(Stored dataset items)

++++++++++++++++++++

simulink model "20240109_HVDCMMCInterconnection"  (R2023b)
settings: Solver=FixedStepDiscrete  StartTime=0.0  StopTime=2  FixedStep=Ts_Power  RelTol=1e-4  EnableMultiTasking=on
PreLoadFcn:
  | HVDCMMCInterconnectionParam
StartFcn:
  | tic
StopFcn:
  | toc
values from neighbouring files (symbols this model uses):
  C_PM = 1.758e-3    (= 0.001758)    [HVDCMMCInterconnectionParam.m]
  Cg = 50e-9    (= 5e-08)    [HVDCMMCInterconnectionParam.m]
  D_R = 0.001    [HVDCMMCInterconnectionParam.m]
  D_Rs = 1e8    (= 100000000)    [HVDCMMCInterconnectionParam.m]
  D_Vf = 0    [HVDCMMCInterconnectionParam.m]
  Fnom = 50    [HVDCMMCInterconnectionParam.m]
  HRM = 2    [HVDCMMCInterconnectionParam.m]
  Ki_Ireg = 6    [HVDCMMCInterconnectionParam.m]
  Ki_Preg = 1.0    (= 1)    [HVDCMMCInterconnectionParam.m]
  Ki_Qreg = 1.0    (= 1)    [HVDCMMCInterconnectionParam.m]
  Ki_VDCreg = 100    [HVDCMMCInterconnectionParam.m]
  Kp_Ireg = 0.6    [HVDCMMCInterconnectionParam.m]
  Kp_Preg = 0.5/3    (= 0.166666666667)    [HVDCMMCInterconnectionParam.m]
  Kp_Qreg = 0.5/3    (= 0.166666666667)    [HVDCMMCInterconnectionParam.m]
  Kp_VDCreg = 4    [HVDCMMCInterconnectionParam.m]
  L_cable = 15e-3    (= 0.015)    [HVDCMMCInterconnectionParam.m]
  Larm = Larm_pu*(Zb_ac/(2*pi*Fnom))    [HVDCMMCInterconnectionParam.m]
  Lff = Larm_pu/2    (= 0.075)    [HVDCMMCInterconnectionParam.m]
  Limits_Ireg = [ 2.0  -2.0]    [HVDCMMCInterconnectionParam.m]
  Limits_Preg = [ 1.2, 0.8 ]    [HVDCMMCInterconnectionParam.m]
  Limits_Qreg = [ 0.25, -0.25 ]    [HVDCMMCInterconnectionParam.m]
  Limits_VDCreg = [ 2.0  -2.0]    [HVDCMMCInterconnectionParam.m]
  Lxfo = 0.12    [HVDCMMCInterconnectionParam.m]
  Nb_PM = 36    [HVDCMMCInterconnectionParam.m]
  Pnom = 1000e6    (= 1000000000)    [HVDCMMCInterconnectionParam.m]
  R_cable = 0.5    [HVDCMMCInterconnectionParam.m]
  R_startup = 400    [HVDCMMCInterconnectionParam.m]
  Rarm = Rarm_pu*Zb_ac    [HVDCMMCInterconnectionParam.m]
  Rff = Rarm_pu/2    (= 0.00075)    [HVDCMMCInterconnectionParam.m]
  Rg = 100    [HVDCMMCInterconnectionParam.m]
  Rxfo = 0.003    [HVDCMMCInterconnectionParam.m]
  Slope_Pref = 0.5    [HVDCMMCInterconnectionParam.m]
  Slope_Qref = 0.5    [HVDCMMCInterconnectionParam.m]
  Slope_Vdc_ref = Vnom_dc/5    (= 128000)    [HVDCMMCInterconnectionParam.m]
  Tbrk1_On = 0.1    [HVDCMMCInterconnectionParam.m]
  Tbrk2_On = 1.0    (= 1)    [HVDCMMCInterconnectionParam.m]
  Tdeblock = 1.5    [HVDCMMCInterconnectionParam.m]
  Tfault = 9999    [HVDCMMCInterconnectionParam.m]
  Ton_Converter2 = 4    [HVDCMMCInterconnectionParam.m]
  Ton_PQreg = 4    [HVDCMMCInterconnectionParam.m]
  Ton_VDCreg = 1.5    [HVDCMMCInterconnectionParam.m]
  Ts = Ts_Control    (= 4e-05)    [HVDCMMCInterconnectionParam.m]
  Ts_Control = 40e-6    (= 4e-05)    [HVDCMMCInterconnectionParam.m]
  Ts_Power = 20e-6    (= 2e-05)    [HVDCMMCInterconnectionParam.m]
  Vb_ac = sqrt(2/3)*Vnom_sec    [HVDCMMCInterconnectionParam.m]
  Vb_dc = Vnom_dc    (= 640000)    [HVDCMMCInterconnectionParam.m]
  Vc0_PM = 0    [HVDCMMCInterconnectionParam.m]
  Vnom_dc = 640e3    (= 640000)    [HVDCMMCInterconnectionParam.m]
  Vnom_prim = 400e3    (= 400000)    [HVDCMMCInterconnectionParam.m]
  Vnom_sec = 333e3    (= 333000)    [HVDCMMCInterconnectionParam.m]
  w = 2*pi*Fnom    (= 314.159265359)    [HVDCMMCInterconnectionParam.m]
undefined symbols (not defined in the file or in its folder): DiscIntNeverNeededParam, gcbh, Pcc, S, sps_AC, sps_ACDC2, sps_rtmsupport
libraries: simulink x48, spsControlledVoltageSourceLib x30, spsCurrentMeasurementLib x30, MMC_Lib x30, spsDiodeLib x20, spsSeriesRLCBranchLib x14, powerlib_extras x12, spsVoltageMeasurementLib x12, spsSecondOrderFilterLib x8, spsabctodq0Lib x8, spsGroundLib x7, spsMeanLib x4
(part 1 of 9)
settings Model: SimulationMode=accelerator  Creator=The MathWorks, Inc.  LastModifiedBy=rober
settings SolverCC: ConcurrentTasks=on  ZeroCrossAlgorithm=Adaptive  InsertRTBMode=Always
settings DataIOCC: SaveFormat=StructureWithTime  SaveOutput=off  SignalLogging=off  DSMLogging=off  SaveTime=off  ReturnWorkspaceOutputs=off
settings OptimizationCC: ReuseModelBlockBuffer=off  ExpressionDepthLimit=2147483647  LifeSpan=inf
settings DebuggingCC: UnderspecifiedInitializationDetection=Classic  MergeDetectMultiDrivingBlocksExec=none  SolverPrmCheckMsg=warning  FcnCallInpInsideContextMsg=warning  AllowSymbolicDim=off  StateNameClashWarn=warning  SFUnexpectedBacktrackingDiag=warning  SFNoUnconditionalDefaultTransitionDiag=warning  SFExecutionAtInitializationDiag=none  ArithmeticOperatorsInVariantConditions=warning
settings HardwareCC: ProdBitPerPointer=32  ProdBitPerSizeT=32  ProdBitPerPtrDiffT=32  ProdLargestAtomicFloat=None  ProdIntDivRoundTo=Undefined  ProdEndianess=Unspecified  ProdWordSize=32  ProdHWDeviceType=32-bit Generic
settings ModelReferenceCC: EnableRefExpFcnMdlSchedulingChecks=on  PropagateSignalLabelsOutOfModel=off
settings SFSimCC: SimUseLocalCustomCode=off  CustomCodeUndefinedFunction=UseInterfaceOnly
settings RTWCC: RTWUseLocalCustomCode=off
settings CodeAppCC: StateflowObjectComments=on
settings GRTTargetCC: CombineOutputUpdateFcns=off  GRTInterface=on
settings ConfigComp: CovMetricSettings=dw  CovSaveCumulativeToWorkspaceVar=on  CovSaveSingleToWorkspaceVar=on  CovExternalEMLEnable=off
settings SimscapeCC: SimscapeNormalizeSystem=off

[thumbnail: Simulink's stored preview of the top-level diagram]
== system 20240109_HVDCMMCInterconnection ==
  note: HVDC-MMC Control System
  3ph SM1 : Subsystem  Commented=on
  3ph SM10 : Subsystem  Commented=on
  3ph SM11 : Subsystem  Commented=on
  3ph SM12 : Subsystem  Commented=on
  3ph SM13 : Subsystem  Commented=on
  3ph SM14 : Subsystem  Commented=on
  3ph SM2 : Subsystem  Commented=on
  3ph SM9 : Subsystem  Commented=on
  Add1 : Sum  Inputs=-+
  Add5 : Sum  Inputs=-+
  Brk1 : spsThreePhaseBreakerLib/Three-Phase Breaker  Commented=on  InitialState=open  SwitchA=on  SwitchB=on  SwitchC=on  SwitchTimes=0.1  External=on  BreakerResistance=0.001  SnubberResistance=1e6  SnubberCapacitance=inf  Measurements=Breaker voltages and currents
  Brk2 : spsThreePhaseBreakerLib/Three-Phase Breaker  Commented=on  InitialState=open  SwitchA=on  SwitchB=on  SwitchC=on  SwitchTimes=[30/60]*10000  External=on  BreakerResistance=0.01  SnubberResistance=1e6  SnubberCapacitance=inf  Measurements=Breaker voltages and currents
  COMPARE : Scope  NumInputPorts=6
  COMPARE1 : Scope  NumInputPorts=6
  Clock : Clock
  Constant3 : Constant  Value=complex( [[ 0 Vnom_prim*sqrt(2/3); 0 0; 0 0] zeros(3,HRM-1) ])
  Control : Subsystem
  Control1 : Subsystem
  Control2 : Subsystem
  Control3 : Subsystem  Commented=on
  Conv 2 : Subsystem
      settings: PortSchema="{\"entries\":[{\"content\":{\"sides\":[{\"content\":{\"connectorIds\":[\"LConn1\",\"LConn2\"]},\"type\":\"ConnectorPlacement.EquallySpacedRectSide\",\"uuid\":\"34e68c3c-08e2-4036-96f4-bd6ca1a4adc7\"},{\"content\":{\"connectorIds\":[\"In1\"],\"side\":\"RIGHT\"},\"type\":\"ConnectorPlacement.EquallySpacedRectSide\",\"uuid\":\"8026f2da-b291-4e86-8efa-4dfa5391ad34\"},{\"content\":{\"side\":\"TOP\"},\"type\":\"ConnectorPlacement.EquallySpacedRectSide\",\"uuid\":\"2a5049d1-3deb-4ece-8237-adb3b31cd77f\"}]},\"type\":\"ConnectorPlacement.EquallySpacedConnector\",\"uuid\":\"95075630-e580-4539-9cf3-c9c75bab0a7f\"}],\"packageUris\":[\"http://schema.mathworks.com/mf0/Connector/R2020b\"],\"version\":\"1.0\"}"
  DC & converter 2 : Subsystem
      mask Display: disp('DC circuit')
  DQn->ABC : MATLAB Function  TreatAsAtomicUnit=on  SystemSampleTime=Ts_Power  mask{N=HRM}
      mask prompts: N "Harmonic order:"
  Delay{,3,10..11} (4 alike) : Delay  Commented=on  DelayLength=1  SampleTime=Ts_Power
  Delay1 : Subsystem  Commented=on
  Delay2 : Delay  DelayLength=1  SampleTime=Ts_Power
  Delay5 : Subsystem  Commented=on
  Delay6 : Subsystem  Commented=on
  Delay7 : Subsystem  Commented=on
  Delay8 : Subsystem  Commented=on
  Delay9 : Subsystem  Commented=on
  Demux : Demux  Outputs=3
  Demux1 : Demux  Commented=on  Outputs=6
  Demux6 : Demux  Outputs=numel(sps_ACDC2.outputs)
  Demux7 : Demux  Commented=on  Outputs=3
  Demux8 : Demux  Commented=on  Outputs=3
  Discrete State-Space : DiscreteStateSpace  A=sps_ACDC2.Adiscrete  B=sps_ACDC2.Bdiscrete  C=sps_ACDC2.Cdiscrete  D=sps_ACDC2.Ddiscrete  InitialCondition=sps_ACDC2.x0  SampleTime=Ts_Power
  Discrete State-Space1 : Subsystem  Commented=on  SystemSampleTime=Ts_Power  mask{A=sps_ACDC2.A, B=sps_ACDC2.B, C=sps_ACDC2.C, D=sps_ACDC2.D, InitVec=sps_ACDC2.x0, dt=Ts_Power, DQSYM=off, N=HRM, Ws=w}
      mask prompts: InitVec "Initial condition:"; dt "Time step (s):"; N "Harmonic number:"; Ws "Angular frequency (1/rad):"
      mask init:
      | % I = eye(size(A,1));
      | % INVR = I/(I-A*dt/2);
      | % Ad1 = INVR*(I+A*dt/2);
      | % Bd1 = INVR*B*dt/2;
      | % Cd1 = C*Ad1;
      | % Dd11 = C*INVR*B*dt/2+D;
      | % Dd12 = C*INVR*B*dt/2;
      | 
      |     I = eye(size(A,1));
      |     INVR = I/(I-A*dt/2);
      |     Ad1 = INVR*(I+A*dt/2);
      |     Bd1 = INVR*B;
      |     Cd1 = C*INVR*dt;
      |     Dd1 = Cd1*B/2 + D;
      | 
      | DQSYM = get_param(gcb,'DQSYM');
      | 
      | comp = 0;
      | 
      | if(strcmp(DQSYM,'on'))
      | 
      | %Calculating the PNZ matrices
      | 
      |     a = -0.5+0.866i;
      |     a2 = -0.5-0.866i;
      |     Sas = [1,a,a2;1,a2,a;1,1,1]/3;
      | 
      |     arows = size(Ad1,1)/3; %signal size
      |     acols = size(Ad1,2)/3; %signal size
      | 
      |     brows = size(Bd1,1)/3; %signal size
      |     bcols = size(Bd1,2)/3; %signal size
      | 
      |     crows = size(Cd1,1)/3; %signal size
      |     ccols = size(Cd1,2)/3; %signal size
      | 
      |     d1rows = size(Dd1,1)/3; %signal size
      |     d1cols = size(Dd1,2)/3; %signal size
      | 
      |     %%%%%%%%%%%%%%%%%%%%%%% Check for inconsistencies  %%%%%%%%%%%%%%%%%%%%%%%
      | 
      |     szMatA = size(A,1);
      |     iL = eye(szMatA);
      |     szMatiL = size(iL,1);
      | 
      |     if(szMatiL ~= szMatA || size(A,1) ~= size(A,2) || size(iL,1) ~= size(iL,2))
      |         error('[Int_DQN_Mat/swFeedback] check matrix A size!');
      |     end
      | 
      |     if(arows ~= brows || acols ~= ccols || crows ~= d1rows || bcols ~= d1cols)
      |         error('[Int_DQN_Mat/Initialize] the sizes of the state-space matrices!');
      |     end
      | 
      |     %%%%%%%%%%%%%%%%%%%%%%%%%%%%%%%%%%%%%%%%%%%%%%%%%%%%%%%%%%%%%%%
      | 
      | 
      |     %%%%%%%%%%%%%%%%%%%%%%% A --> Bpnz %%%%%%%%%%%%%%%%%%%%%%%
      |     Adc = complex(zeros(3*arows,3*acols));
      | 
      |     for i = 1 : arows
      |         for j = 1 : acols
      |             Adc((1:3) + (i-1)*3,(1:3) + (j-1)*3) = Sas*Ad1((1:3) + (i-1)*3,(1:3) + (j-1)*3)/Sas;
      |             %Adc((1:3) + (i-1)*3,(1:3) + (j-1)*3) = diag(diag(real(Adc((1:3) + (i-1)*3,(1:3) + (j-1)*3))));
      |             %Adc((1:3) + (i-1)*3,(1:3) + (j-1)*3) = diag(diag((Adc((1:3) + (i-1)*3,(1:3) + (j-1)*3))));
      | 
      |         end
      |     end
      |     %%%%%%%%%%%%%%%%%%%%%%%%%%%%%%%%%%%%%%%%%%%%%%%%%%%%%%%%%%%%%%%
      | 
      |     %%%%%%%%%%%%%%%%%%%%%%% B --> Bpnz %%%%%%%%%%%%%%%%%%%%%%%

++++++++++++++++++++

What is needed
All that is wanted is an exact copy of the lines above from the one with "Slope_Qref = 0.5" through the one with "Vb_dc = Vnom_dc", with both ends included.

Answer to the exercise
  Slope_Qref = 0.5    [HVDCMMCInterconnectionParam.m]
  Slope_Vdc_ref = Vnom_dc/5    (= 128000)    [HVDCMMCInterconnectionParam.m]
  Tbrk1_On = 0.1    [HVDCMMCInterconnectionParam.m]
  Tbrk2_On = 1.0    (= 1)    [HVDCMMCInterconnectionParam.m]
  Tdeblock = 1.5    [HVDCMMCInterconnectionParam.m]
  Tfault = 9999    [HVDCMMCInterconnectionParam.m]
  Ton_Converter2 = 4    [HVDCMMCInterconnectionParam.m]
  Ton_PQreg = 4    [HVDCMMCInterconnectionParam.m]
  Ton_VDCreg = 1.5    [HVDCMMCInterconnectionParam.m]
  Ts = Ts_Control    (= 4e-05)    [HVDCMMCInterconnectionParam.m]
  Ts_Control = 40e-6    (= 4e-05)    [HVDCMMCInterconnectionParam.m]
  Ts_Power = 20e-6    (= 2e-05)    [HVDCMMCInterconnectionParam.m]
  Vb_ac = sqrt(2/3)*Vnom_sec    [HVDCMMCInterconnectionParam.m]
  Vb_dc = Vnom_dc    (= 640000)    [HVDCMMCInterconnectionParam.m]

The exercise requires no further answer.